PHILADELPHIA-Keystone Property Group makes its bones taking opportunistic real estate purchases and reinventing them. They are vertically built to manage their own properties after purchase and redevelopment to stabilize the asset and they’ve been slowly expanding nationally out from their home base in Pennsylvania. Bill Glazer, their president and founder, sat down with GlobeSt.com to discuss their strategy and the overall breaks of the current economy.

GlobeSt.com: Do you redevelop to hold or lease it up and sell it?

Bill Glazer: Keystone Property Group is an entrepreneurial operator. We base our hold or sell decision on what direction the market gives us. I’m sure you’re well aware, the direction is not to do a whole lot.
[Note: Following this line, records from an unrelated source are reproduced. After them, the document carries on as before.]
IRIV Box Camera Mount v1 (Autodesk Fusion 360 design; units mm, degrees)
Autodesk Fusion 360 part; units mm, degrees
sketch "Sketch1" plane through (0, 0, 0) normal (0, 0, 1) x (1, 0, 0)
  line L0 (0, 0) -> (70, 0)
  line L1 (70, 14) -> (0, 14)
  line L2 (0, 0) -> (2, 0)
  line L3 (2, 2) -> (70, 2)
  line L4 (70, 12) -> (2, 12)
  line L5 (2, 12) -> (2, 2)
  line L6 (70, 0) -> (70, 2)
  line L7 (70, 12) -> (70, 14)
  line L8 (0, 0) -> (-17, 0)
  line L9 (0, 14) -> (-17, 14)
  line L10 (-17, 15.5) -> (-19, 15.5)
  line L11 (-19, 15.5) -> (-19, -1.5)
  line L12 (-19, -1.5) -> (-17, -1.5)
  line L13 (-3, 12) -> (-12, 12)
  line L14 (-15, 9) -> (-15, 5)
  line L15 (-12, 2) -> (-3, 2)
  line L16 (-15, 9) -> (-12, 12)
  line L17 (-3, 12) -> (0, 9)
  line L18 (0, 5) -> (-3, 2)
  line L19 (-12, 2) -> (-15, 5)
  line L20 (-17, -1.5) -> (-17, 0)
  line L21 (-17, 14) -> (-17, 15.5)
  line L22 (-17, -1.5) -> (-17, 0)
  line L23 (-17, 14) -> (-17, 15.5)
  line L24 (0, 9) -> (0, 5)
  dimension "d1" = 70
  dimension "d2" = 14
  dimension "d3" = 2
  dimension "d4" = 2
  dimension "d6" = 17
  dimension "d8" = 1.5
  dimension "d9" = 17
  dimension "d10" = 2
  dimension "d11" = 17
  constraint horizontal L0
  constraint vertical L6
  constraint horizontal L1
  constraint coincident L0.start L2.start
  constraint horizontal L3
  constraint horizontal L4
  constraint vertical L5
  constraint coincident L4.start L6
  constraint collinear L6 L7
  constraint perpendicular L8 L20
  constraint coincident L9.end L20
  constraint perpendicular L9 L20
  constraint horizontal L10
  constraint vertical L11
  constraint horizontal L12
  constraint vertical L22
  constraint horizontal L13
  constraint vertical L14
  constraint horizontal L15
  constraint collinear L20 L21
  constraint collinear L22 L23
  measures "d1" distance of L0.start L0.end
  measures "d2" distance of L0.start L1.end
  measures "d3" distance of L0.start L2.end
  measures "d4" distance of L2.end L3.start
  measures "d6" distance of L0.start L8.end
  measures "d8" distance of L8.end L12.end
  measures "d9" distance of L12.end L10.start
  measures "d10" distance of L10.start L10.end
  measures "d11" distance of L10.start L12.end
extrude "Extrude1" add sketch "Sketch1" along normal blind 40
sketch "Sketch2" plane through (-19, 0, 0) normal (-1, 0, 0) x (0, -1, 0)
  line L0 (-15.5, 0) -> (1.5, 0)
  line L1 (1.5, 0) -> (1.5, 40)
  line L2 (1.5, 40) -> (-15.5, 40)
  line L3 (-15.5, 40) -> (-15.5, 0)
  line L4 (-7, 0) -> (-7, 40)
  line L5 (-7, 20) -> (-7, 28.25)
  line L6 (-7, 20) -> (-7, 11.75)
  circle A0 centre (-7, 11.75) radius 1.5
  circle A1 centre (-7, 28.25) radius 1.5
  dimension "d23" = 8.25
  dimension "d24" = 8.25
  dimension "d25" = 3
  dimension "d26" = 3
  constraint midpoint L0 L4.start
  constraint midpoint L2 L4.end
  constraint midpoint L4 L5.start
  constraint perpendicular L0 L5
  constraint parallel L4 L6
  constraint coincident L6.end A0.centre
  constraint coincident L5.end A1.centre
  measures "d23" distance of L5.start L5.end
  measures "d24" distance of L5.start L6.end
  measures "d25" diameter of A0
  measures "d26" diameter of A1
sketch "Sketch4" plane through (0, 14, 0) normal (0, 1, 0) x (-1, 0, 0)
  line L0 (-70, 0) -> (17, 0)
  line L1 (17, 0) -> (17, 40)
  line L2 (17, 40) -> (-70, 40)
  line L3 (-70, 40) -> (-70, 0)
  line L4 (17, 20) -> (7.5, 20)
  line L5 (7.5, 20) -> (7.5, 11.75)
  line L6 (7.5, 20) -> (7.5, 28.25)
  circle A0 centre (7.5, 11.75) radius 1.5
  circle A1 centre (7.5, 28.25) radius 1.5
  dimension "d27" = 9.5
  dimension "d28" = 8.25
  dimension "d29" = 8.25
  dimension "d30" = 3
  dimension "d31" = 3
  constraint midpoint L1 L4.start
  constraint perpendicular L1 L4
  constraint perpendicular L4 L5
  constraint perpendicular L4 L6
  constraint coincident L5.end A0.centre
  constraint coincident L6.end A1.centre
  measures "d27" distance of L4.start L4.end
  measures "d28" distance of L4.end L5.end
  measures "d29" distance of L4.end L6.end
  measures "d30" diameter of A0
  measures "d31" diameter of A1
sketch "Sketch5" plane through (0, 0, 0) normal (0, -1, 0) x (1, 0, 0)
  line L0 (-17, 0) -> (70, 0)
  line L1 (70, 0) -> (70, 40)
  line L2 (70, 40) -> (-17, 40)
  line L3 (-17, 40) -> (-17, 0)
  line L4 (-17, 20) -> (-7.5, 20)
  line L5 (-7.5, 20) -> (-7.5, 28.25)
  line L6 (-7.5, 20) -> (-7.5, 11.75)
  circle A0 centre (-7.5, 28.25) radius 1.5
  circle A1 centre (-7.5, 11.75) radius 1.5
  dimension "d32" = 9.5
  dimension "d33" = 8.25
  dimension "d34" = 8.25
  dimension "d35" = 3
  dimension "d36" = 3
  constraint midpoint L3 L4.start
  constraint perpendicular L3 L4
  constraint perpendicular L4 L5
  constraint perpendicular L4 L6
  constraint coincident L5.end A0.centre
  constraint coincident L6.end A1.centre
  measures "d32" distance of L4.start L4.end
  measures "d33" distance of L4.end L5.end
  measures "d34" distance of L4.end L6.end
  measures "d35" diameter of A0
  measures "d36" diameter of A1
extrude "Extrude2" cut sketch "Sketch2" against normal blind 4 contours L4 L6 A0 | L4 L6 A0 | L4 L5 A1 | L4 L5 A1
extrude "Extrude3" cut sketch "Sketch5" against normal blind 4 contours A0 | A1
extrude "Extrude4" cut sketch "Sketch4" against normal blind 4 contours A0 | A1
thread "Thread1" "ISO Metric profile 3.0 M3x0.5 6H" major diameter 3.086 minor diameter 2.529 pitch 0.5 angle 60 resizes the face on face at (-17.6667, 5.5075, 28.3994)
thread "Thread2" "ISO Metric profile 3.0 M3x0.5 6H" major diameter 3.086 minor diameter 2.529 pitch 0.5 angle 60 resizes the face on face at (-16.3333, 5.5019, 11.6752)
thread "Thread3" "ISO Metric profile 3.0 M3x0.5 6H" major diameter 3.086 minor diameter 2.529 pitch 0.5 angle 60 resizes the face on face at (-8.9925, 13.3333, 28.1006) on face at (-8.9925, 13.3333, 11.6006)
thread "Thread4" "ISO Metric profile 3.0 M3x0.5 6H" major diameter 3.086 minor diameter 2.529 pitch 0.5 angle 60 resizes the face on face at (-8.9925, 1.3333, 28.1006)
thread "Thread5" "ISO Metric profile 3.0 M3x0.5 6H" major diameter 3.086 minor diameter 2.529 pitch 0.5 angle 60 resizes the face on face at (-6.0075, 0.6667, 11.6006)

So generally we’re net holders and buyers.

GlobeSt.com: How do you identify opportunities for purchase?

So, again, Keystone looks to reinvent real estate, so we see opportunities where reinventing real estate can create value. And location and cost basis drive every investment decision in real estate; which by the way, was completely true until the global financial crisis when we learned there was this new acronym called BLT: basis, location and timing. Timing sneaks up on everyone.

GlobeSt.com: Do you look at a lot of distress right now?

Glazer: We would be happy to…I mean buying distressed assets or distressed debt was so fashionable during the crisis, but what we’ve been seeing and what our peers have been reporting to us, is that this tsunami of distressed assets which were expected to flood the market never came.

Instead what we’re experiencing and hearing about is that borrowers and lenders across the country that are working through problems with assets on a case by case basis, because typically lenders are going to maximize their asset value when their working with existing borrowers, rather than letting the assets go through a fire-sale process. In which, it was in vogue to pick up dirt-cheap real estate.

Well, that’s not in the best interest of the lenders who want to maximize their value and typically they’ll get the best value from the existing borrower.

So, in the event that the existing borrowers are unable to provide fresh capital to the transaction, then you have opportunities that open up to third parties to capitalize on distress. We certainly look to step in and we have certainly a couple acquisitions now and a couple acquisitions that we’re capitalizing off those situations. But, we just don’t see a lot available. At least in the space that we’re playing in: office and industrial in major markets.

GlobeSt.com: Do you look at particular size restrictions?

Glazer: We typically target transactions between $25 million and $100 million. However, we’ll go lower than that in core markets and we’ll certainly go higher than that through existing institutional capital relationships, where there’s really not much of a top range.

GlobeSt.com: Any reason you stay within that range? What is it restricted by?

BG: Well, we’ve got funds of private capital, so we’re deploying capital and we’d like to keep the capital slugs in bite-sized pieces, so as we’re building a balanced portfolio across a number of acquisitions, we want to use the capital for a number of deals.

GlobeSt.com: Is there a lot of private investor money? Do you use bank loans? How are you funded?

Glazer: We run funds with private capital, real estate equity funds that we control. And we partner with other institutional capital partners on the equity side and we’ll take on good capital. There are not a whole lot of real estate deals that I’m aware of that are all-cash transactions. There’s some amount of leverage in almost every real estate deal.

BG: Let’s go back…for people at any company that’s going to buy a transaction today, they’re going to need that capital because it’s so much less expensive form of capital. If you’re going to buy something all equity, you’re going to lose in any type of bid process where your competitors have a much lower cost of debt capital. That’s really the need to get financing for the transactions.

GlobeSt.com: Where do you see the market over the next six, 12 and 18 months?

Glazer: Barring any extreme, exogenous events and barring any shocks to the capital markets, we see the market as no better or worse than today, which is listless. I wish there was a driver to spike demand or spike jobs, but we don’t see anything out there.